=== YOUR GOAL ===
The required output is the exact run of lines below that opens at the line with "Procedure 1 VAV Box Reheat Coil'" and closes at the line with "3 Office VAV Box Reheat Coil'".
### EXTRACTED DATA
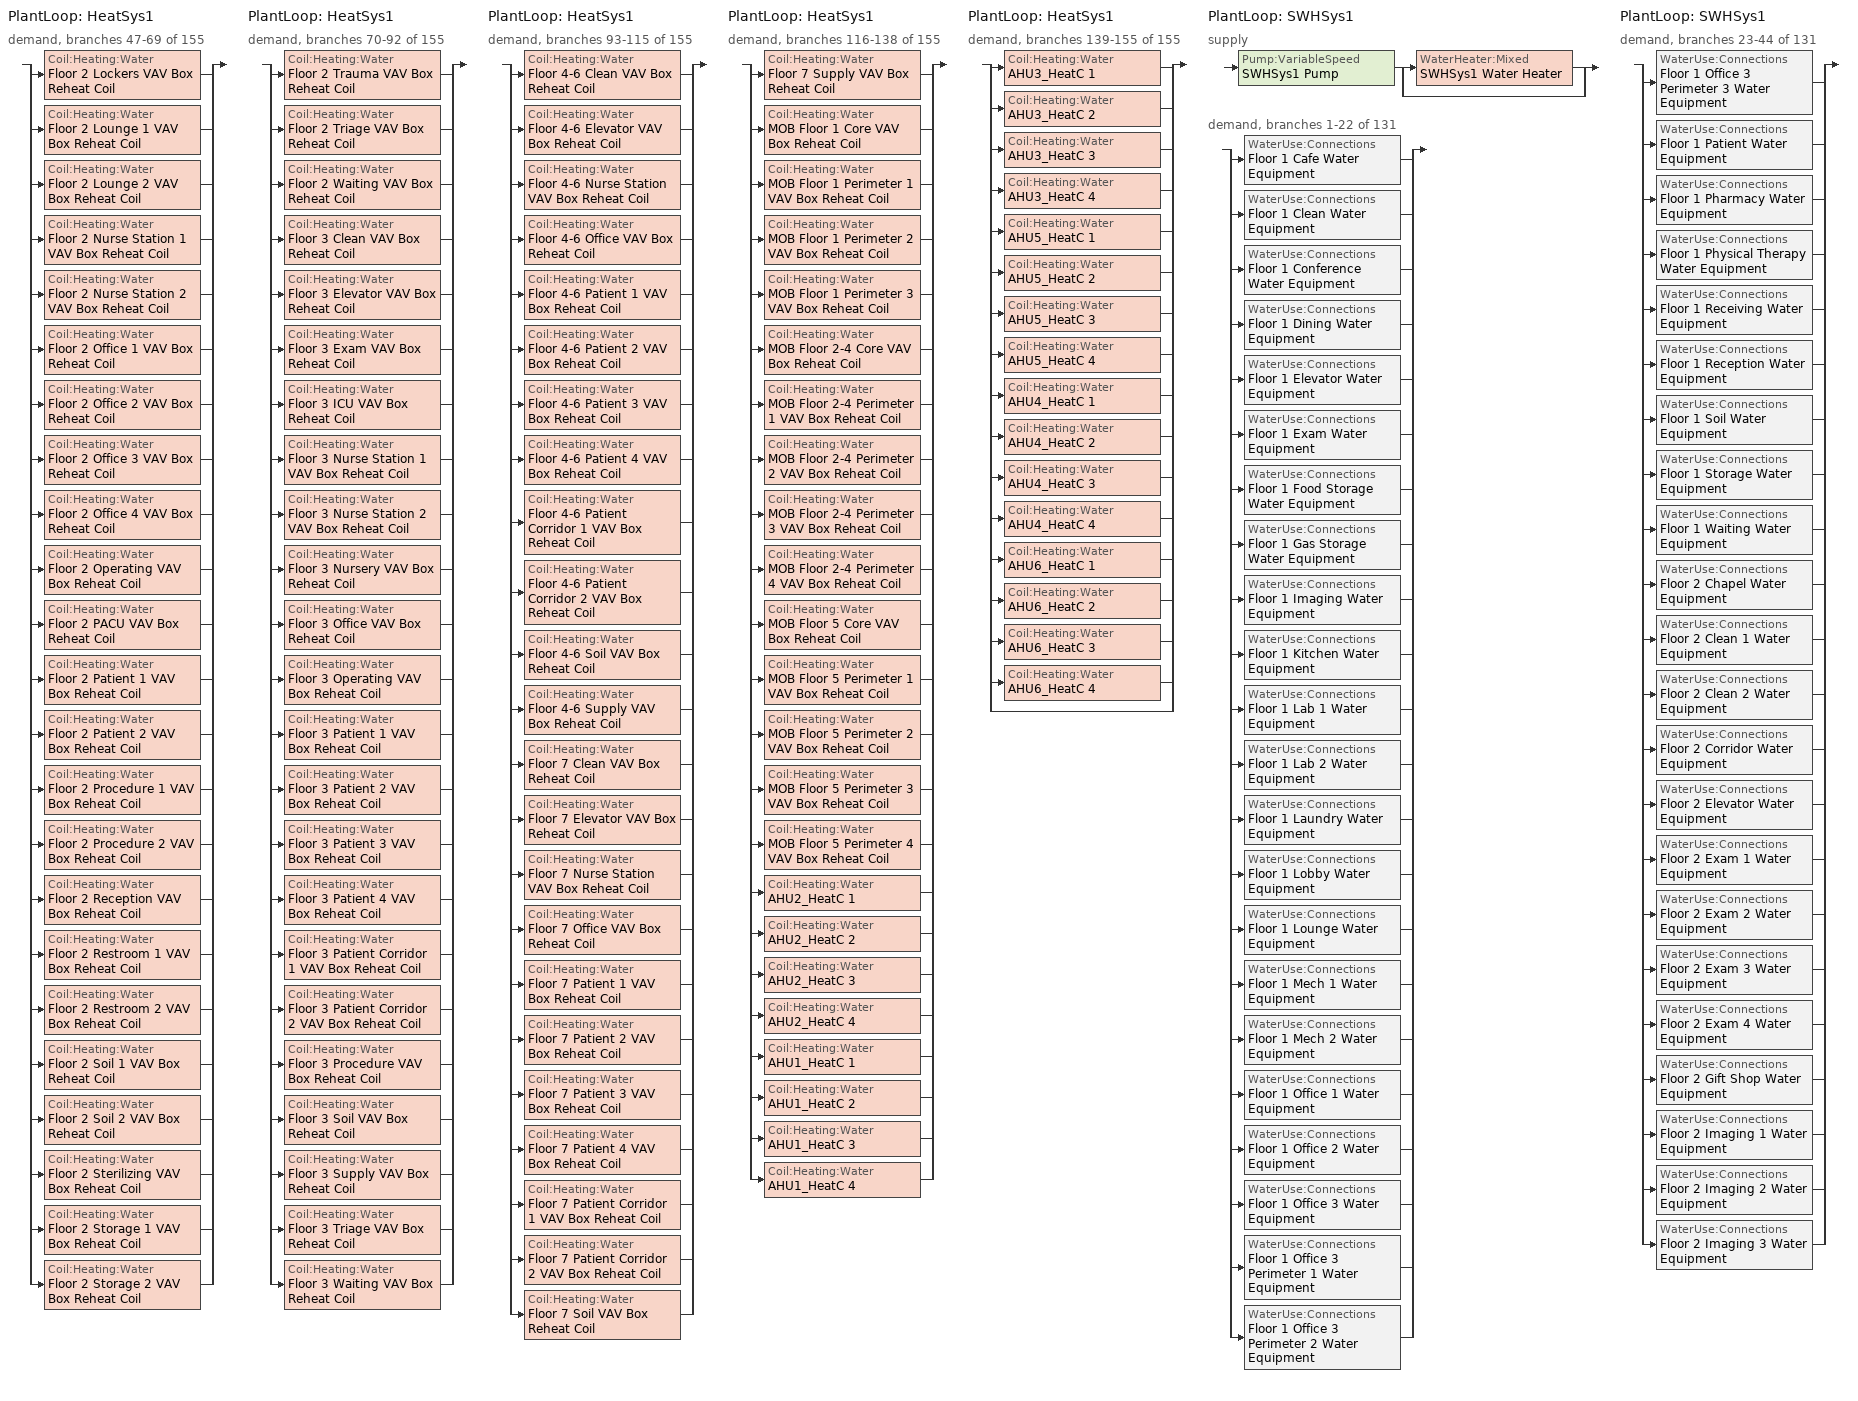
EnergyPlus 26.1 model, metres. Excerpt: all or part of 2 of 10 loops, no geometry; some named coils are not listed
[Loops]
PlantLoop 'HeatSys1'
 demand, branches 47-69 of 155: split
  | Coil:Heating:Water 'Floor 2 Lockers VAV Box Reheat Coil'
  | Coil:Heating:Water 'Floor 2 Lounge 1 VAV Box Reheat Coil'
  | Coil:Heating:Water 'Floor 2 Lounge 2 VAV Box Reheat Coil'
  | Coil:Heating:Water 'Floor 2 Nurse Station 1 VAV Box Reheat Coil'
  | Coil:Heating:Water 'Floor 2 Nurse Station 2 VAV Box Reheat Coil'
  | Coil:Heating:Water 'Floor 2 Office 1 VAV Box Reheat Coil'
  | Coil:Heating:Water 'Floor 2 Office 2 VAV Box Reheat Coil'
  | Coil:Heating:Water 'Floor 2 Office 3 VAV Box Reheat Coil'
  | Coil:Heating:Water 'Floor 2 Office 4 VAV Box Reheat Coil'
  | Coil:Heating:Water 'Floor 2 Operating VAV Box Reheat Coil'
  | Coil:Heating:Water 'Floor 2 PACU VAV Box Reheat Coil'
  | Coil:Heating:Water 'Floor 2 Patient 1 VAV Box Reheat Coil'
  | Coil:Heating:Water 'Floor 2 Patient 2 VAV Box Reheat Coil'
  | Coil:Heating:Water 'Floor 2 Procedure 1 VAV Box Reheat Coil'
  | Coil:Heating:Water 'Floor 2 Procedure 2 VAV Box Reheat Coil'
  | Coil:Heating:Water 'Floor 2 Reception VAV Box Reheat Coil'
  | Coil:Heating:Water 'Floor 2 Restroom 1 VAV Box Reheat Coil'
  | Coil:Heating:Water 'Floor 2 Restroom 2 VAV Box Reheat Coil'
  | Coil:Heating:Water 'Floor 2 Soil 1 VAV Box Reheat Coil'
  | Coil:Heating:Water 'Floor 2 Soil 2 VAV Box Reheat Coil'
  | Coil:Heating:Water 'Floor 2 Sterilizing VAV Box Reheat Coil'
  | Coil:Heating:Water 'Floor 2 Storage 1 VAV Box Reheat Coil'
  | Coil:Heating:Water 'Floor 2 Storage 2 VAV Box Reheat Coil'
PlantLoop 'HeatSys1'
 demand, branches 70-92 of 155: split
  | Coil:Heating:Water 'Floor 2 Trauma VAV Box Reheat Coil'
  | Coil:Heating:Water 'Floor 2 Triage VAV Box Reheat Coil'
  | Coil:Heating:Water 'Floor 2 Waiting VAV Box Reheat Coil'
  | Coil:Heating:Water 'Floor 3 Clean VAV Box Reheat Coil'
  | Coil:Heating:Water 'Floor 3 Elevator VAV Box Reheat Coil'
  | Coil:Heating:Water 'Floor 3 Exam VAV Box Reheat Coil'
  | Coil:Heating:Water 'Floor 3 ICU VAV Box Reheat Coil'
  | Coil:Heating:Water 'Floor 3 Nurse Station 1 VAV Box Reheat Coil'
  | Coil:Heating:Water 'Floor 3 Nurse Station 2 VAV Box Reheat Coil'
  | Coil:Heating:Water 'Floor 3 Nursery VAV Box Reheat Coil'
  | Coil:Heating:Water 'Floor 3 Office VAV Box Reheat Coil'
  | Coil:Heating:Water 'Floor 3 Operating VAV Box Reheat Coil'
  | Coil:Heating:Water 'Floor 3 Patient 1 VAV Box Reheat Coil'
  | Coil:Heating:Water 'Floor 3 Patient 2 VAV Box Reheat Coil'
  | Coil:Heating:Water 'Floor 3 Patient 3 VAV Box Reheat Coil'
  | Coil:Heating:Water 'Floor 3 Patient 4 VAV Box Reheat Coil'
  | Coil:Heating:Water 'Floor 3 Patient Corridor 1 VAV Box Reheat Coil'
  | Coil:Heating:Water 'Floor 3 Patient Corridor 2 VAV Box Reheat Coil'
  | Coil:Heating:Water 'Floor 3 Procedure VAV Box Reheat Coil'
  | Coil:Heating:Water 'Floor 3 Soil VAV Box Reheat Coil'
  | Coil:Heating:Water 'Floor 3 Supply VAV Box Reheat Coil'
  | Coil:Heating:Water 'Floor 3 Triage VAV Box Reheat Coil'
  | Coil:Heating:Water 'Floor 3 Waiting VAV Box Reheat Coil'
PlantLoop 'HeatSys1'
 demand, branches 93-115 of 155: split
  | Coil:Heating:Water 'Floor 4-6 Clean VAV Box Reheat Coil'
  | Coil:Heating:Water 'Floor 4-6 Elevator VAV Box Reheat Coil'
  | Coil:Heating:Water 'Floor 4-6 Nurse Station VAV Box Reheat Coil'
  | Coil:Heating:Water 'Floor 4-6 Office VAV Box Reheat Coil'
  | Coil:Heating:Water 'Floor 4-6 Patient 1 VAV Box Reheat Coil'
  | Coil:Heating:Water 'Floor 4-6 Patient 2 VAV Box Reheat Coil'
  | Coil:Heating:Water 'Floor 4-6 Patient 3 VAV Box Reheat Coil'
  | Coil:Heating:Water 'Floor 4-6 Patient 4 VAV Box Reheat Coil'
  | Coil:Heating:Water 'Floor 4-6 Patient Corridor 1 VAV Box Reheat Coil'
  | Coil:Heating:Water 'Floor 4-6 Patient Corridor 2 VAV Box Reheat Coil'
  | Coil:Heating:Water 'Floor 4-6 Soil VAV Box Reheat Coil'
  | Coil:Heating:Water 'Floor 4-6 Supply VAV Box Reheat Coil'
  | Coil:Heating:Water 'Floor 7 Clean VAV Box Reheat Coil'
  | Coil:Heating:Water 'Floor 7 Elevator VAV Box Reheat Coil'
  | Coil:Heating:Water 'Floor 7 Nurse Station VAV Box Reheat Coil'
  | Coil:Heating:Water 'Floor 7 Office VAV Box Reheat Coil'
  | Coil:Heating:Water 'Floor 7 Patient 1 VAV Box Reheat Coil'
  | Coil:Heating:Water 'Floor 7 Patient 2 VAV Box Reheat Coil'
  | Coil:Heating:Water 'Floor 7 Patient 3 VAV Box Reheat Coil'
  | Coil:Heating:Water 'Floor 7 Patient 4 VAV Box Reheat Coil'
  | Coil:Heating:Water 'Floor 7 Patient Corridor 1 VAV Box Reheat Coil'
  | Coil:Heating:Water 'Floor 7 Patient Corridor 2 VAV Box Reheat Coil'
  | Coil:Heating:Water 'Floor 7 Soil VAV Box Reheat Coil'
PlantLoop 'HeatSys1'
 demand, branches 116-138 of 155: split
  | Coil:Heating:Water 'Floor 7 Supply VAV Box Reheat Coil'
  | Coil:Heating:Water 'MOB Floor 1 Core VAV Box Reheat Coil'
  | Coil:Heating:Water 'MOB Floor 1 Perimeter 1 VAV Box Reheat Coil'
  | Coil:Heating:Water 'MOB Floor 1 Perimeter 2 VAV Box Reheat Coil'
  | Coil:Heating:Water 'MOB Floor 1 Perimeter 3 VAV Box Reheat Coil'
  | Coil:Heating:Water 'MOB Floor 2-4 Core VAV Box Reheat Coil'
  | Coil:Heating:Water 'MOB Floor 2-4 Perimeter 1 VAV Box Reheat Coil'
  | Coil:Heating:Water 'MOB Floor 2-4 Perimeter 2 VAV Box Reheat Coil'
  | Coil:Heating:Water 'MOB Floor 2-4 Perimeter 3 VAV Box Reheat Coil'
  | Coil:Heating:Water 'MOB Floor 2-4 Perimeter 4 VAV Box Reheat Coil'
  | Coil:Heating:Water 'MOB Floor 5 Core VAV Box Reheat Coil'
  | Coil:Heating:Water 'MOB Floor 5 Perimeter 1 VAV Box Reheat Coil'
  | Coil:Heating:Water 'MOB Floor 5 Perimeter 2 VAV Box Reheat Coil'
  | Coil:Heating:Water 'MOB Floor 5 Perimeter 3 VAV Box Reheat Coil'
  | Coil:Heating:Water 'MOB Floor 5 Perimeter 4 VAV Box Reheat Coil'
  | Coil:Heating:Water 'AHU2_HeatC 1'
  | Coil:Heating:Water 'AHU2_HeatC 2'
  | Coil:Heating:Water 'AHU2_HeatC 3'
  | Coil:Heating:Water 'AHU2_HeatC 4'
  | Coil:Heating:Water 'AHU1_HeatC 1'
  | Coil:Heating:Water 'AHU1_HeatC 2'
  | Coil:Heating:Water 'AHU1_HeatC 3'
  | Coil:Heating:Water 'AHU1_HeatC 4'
######
=== RESPONSE AREA ===
  | Coil:Heating:Water 'Floor 2 Procedure 1 VAV Box Reheat Coil'
  | Coil:Heating:Water 'Floor 2 Procedure 2 VAV Box Reheat Coil'
  | Coil:Heating:Water 'Floor 2 Reception VAV Box Reheat Coil'
  | Coil:Heating:Water 'Floor 2 Restroom 1 VAV Box Reheat Coil'
  | Coil:Heating:Water 'Floor 2 Restroom 2 VAV Box Reheat Coil'
  | Coil:Heating:Water 'Floor 2 Soil 1 VAV Box Reheat Coil'
  | Coil:Heating:Water 'Floor 2 Soil 2 VAV Box Reheat Coil'
  | Coil:Heating:Water 'Floor 2 Sterilizing VAV Box Reheat Coil'
  | Coil:Heating:Water 'Floor 2 Storage 1 VAV Box Reheat Coil'
  | Coil:Heating:Water 'Floor 2 Storage 2 VAV Box Reheat Coil'
PlantLoop 'HeatSys1'
 demand, branches 70-92 of 155: split
  | Coil:Heating:Water 'Floor 2 Trauma VAV Box Reheat Coil'
  | Coil:Heating:Water 'Floor 2 Triage VAV Box Reheat Coil'
  | Coil:Heating:Water 'Floor 2 Waiting VAV Box Reheat Coil'
  | Coil:Heating:Water 'Floor 3 Clean VAV Box Reheat Coil'
  | Coil:Heating:Water 'Floor 3 Elevator VAV Box Reheat Coil'
  | Coil:Heating:Water 'Floor 3 Exam VAV Box Reheat Coil'
  | Coil:Heating:Water 'Floor 3 ICU VAV Box Reheat Coil'
  | Coil:Heating:Water 'Floor 3 Nurse Station 1 VAV Box Reheat Coil'
  | Coil:Heating:Water 'Floor 3 Nurse Station 2 VAV Box Reheat Coil'
  | Coil:Heating:Water 'Floor 3 Nursery VAV Box Reheat Coil'
  | Coil:Heating:Water 'Floor 3 Office VAV Box Reheat Coil'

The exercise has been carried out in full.